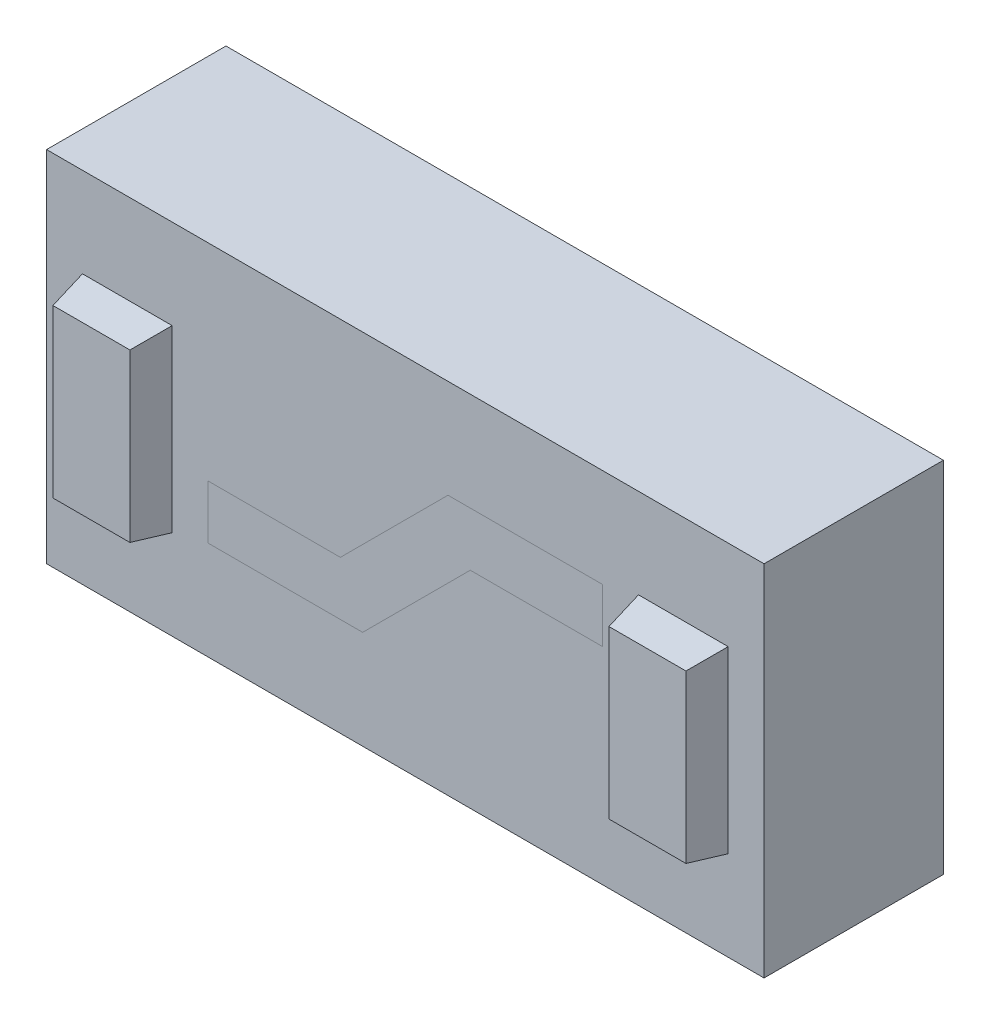
ISO-10303-21;
HEADER;
FILE_DESCRIPTION(('STEP AP214'),'2;1');
FILE_NAME('part.step','',(''),(''),'','','');
FILE_SCHEMA(('AUTOMOTIVE_DESIGN { 1 0 10303 214 1 1 1 1 }'));
ENDSEC;
DATA;
#1=APPLICATION_CONTEXT('core data for automotive mechanical design processes');
#2=APPLICATION_PROTOCOL_DEFINITION('international standard','automotive_design',2000,#1);
#3=PRODUCT_CONTEXT('',#1,'mechanical');
#4=PRODUCT('Part','Part','',(#3));
#5=PRODUCT_RELATED_PRODUCT_CATEGORY('part','',(#4));
#6=PRODUCT_DEFINITION_FORMATION('','',#4);
#7=PRODUCT_DEFINITION_CONTEXT('part definition',#1,'design');
#8=PRODUCT_DEFINITION('design','',#6,#7);
#9=PRODUCT_DEFINITION_SHAPE('','',#8);
#10=(LENGTH_UNIT() NAMED_UNIT(*) SI_UNIT(.MILLI.,.METRE.));
#11=(NAMED_UNIT(*) PLANE_ANGLE_UNIT() SI_UNIT($,.RADIAN.));
#12=(NAMED_UNIT(*) SI_UNIT($,.STERADIAN.) SOLID_ANGLE_UNIT());
#13=UNCERTAINTY_MEASURE_WITH_UNIT(LENGTH_MEASURE(1.E-05),#10,'distance_accuracy_value','');
#14=(GEOMETRIC_REPRESENTATION_CONTEXT(3) GLOBAL_UNCERTAINTY_ASSIGNED_CONTEXT((#13)) GLOBAL_UNIT_ASSIGNED_CONTEXT((#10,
#11,#12)) REPRESENTATION_CONTEXT('',''));
#15=CARTESIAN_POINT('',(0.,0.,0.));
#16=DIRECTION('',(0.,0.,1.));
#17=DIRECTION('',(1.,0.,0.));
#18=AXIS2_PLACEMENT_3D('',#15,#16,#17);
#19=CARTESIAN_POINT('',(18.,-5.,10.));
#20=DIRECTION('',(0.984807753012208,0.,0.17364817766693));
#21=DIRECTION('',(0.17364817766693,0.,-0.984807753012208));
#22=AXIS2_PLACEMENT_3D('',#19,#20,#21);
#23=PLANE('',#22);
#24=DIRECTION('',(0.,1.,0.));
#25=VECTOR('',#24,1.);
#26=CARTESIAN_POINT('',(18.,-5.,10.));
#27=LINE('',#26,#25);
#28=CARTESIAN_POINT('',(18.,-5.,10.));
#29=VERTEX_POINT('',#28);
#30=CARTESIAN_POINT('',(18.,5.,10.));
#31=VERTEX_POINT('',#30);
#32=EDGE_CURVE('E12',#29,#31,#27,.T.);
#33=ORIENTED_EDGE('',*,*,#32,.T.);
#34=DIRECTION('',(0.171087869746036,0.171087869746036,-0.970287525247814));
#35=VECTOR('',#34,1.);
#36=CARTESIAN_POINT('',(17.8536447041288,4.85364470412882,10.830022128679));
#37=LINE('',#36,#35);
#38=CARTESIAN_POINT('',(17.6473460385831,4.64734603858307,12.));
#39=VERTEX_POINT('',#38);
#40=EDGE_CURVE('E115',#39,#31,#37,.T.);
#41=ORIENTED_EDGE('',*,*,#40,.F.);
#42=DIRECTION('',(0.,-1.,0.));
#43=VECTOR('',#42,1.);
#44=CARTESIAN_POINT('',(17.6473460385831,0.,12.));
#45=LINE('',#44,#43);
#46=CARTESIAN_POINT('',(17.6473460385831,-4.64734603858307,12.));
#47=VERTEX_POINT('',#46);
#48=EDGE_CURVE('E99',#47,#39,#45,.F.);
#49=ORIENTED_EDGE('',*,*,#48,.F.);
#50=DIRECTION('',(0.171087869746036,-0.171087869746036,-0.970287525247814));
#51=VECTOR('',#50,1.);
#52=CARTESIAN_POINT('',(18.,-5.,10.));
#53=LINE('',#52,#51);
#54=EDGE_CURVE('E106',#47,#29,#53,.T.);
#55=ORIENTED_EDGE('',*,*,#54,.T.);
#56=EDGE_LOOP('',(#33,#41,#49,#55));
#57=FACE_BOUND('',#56,.T.);
#58=ADVANCED_FACE('F56',(#57),#23,.T.);
#59=CARTESIAN_POINT('',(13.,5.,10.));
#60=DIRECTION('',(0.,0.984807753012208,0.17364817766693));
#61=DIRECTION('',(0.,-0.17364817766693,0.984807753012208));
#62=AXIS2_PLACEMENT_3D('',#59,#60,#61);
#63=PLANE('',#62);
#64=DIRECTION('',(-1.,0.,0.));
#65=VECTOR('',#64,1.);
#66=CARTESIAN_POINT('',(13.,5.,10.));
#67=LINE('',#66,#65);
#68=CARTESIAN_POINT('',(13.,5.,10.));
#69=VERTEX_POINT('',#68);
#70=EDGE_CURVE('E64',#31,#69,#67,.T.);
#71=ORIENTED_EDGE('',*,*,#70,.T.);
#72=DIRECTION('',(-0.171087869746036,0.171087869746036,-0.970287525247814));
#73=VECTOR('',#72,1.);
#74=CARTESIAN_POINT('',(13.2927105917424,4.70728940825764,11.660044257358));
#75=LINE('',#74,#73);
#76=CARTESIAN_POINT('',(13.3526539614169,4.64734603858307,12.));
#77=VERTEX_POINT('',#76);
#78=EDGE_CURVE('E123',#77,#69,#75,.T.);
#79=ORIENTED_EDGE('',*,*,#78,.F.);
#80=DIRECTION('',(1.,0.,0.));
#81=VECTOR('',#80,1.);
#82=CARTESIAN_POINT('',(0.,4.64734603858307,12.));
#83=LINE('',#82,#81);
#84=EDGE_CURVE('E116',#39,#77,#83,.F.);
#85=ORIENTED_EDGE('',*,*,#84,.F.);
#86=ORIENTED_EDGE('',*,*,#40,.T.);
#87=EDGE_LOOP('',(#71,#79,#85,#86));
#88=FACE_BOUND('',#87,.T.);
#89=ADVANCED_FACE('F136',(#88),#63,.T.);
#90=CARTESIAN_POINT('',(13.,-5.,10.));
#91=DIRECTION('',(-0.984807753012208,0.,0.17364817766693));
#92=DIRECTION('',(0.17364817766693,0.,0.984807753012208));
#93=AXIS2_PLACEMENT_3D('',#90,#91,#92);
#94=PLANE('',#93);
#95=DIRECTION('',(0.,-1.,0.));
#96=VECTOR('',#95,1.);
#97=CARTESIAN_POINT('',(13.,-5.,10.));
#98=LINE('',#97,#96);
#99=CARTESIAN_POINT('',(13.,-5.,10.));
#100=VERTEX_POINT('',#99);
#101=EDGE_CURVE('E118',#69,#100,#98,.T.);
#102=ORIENTED_EDGE('',*,*,#101,.T.);
#103=DIRECTION('',(-0.171087869746036,-0.171087869746036,-0.970287525247814));
#104=VECTOR('',#103,1.);
#105=CARTESIAN_POINT('',(13.,-5.,10.));
#106=LINE('',#105,#104);
#107=CARTESIAN_POINT('',(13.3526539614169,-4.64734603858307,12.));
#108=VERTEX_POINT('',#107);
#109=EDGE_CURVE('E113',#108,#100,#106,.T.);
#110=ORIENTED_EDGE('',*,*,#109,.F.);
#111=DIRECTION('',(0.,1.,0.));
#112=VECTOR('',#111,1.);
#113=CARTESIAN_POINT('',(13.3526539614169,0.,12.));
#114=LINE('',#113,#112);
#115=EDGE_CURVE('E102',#77,#108,#114,.F.);
#116=ORIENTED_EDGE('',*,*,#115,.F.);
#117=ORIENTED_EDGE('',*,*,#78,.T.);
#118=EDGE_LOOP('',(#102,#110,#116,#117));
#119=FACE_BOUND('',#118,.T.);
#120=ADVANCED_FACE('F128',(#119),#94,.T.);
#121=CARTESIAN_POINT('',(13.,-5.,10.));
#122=DIRECTION('',(0.,-0.984807753012208,0.17364817766693));
#123=DIRECTION('',(0.,-0.17364817766693,-0.984807753012208));
#124=AXIS2_PLACEMENT_3D('',#121,#122,#123);
#125=PLANE('',#124);
#126=DIRECTION('',(1.,0.,0.));
#127=VECTOR('',#126,1.);
#128=CARTESIAN_POINT('',(13.,-5.,10.));
#129=LINE('',#128,#127);
#130=EDGE_CURVE('E111',#100,#29,#129,.T.);
#131=ORIENTED_EDGE('',*,*,#130,.T.);
#132=ORIENTED_EDGE('',*,*,#54,.F.);
#133=DIRECTION('',(-1.,0.,0.));
#134=VECTOR('',#133,1.);
#135=CARTESIAN_POINT('',(0.,-4.64734603858307,12.));
#136=LINE('',#135,#134);
#137=EDGE_CURVE('E96',#108,#47,#136,.F.);
#138=ORIENTED_EDGE('',*,*,#137,.F.);
#139=ORIENTED_EDGE('',*,*,#109,.T.);
#140=EDGE_LOOP('',(#131,#132,#138,#139));
#141=FACE_BOUND('',#140,.T.);
#142=ADVANCED_FACE('F109',(#141),#125,.T.);
#143=CARTESIAN_POINT('',(0.,0.,12.));
#144=DIRECTION('',(0.,0.,-1.));
#145=DIRECTION('',(-1.,0.,0.));
#146=AXIS2_PLACEMENT_3D('',#143,#144,#145);
#147=PLANE('',#146);
#148=ORIENTED_EDGE('',*,*,#48,.T.);
#149=ORIENTED_EDGE('',*,*,#84,.T.);
#150=ORIENTED_EDGE('',*,*,#115,.T.);
#151=ORIENTED_EDGE('',*,*,#137,.T.);
#152=EDGE_LOOP('',(#148,#149,#150,#151));
#153=FACE_BOUND('',#152,.T.);
#154=ADVANCED_FACE('F58',(#153),#147,.F.);
#155=CARTESIAN_POINT('',(0.,0.,10.));
#156=DIRECTION('',(0.,0.,-1.));
#157=DIRECTION('',(-1.,0.,0.));
#158=AXIS2_PLACEMENT_3D('',#155,#156,#157);
#159=PLANE('',#158);
#160=ORIENTED_EDGE('',*,*,#32,.F.);
#161=ORIENTED_EDGE('',*,*,#130,.F.);
#162=ORIENTED_EDGE('',*,*,#101,.F.);
#163=ORIENTED_EDGE('',*,*,#70,.F.);
#164=EDGE_LOOP('',(#160,#161,#162,#163));
#165=FACE_BOUND('',#164,.T.);
#166=ADVANCED_FACE('F129',(#165),#159,.T.);
#167=CLOSED_SHELL('',(#58,#89,#120,#142,#154,#166));
#168=MANIFOLD_SOLID_BREP('B2',#167);
#169=CARTESIAN_POINT('',(-13.,-5.,10.));
#170=DIRECTION('',(0.984807753012208,0.,0.17364817766693));
#171=DIRECTION('',(0.17364817766693,0.,-0.984807753012208));
#172=AXIS2_PLACEMENT_3D('',#169,#170,#171);
#173=PLANE('',#172);
#174=DIRECTION('',(0.,1.,0.));
#175=VECTOR('',#174,1.);
#176=CARTESIAN_POINT('',(-13.,-5.,10.));
#177=LINE('',#176,#175);
#178=CARTESIAN_POINT('',(-13.,-5.,10.));
#179=VERTEX_POINT('',#178);
#180=CARTESIAN_POINT('',(-13.,5.,10.));
#181=VERTEX_POINT('',#180);
#182=EDGE_CURVE('E248',#179,#181,#177,.T.);
#183=ORIENTED_EDGE('',*,*,#182,.T.);
#184=DIRECTION('',(0.171087869746036,0.171087869746036,-0.970287525247814));
#185=VECTOR('',#184,1.);
#186=CARTESIAN_POINT('',(-13.1463552958712,4.85364470412882,10.830022128679));
#187=LINE('',#186,#185);
#188=CARTESIAN_POINT('',(-13.3526539614169,4.64734603858307,12.));
#189=VERTEX_POINT('',#188);
#190=EDGE_CURVE('E54',#189,#181,#187,.T.);
#191=ORIENTED_EDGE('',*,*,#190,.F.);
#192=DIRECTION('',(0.,-1.,0.));
#193=VECTOR('',#192,1.);
#194=CARTESIAN_POINT('',(-13.3526539614169,0.,12.));
#195=LINE('',#194,#193);
#196=CARTESIAN_POINT('',(-13.3526539614169,-4.64734603858307,12.));
#197=VERTEX_POINT('',#196);
#198=EDGE_CURVE('E264',#197,#189,#195,.F.);
#199=ORIENTED_EDGE('',*,*,#198,.F.);
#200=DIRECTION('',(0.171087869746036,-0.171087869746036,-0.970287525247814));
#201=VECTOR('',#200,1.);
#202=CARTESIAN_POINT('',(-13.,-5.,10.));
#203=LINE('',#202,#201);
#204=EDGE_CURVE('E259',#197,#179,#203,.T.);
#205=ORIENTED_EDGE('',*,*,#204,.T.);
#206=EDGE_LOOP('',(#183,#191,#199,#205));
#207=FACE_BOUND('',#206,.T.);
#208=ADVANCED_FACE('F202',(#207),#173,.T.);
#209=CARTESIAN_POINT('',(-18.,5.,10.));
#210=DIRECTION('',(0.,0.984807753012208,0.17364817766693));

■ What the exercise asks: Leave out the pictures and repeat exactly the lines from the start of the material through the line that contains "#1=APPLICATION_CONTEXT('core data for", both included.

■ Task solution:
ISO-10303-21;
HEADER;
FILE_DESCRIPTION(('STEP AP214'),'2;1');
FILE_NAME('part.step','',(''),(''),'','','');
FILE_SCHEMA(('AUTOMOTIVE_DESIGN { 1 0 10303 214 1 1 1 1 }'));
ENDSEC;
DATA;
#1=APPLICATION_CONTEXT('core data for automotive mechanical design processes');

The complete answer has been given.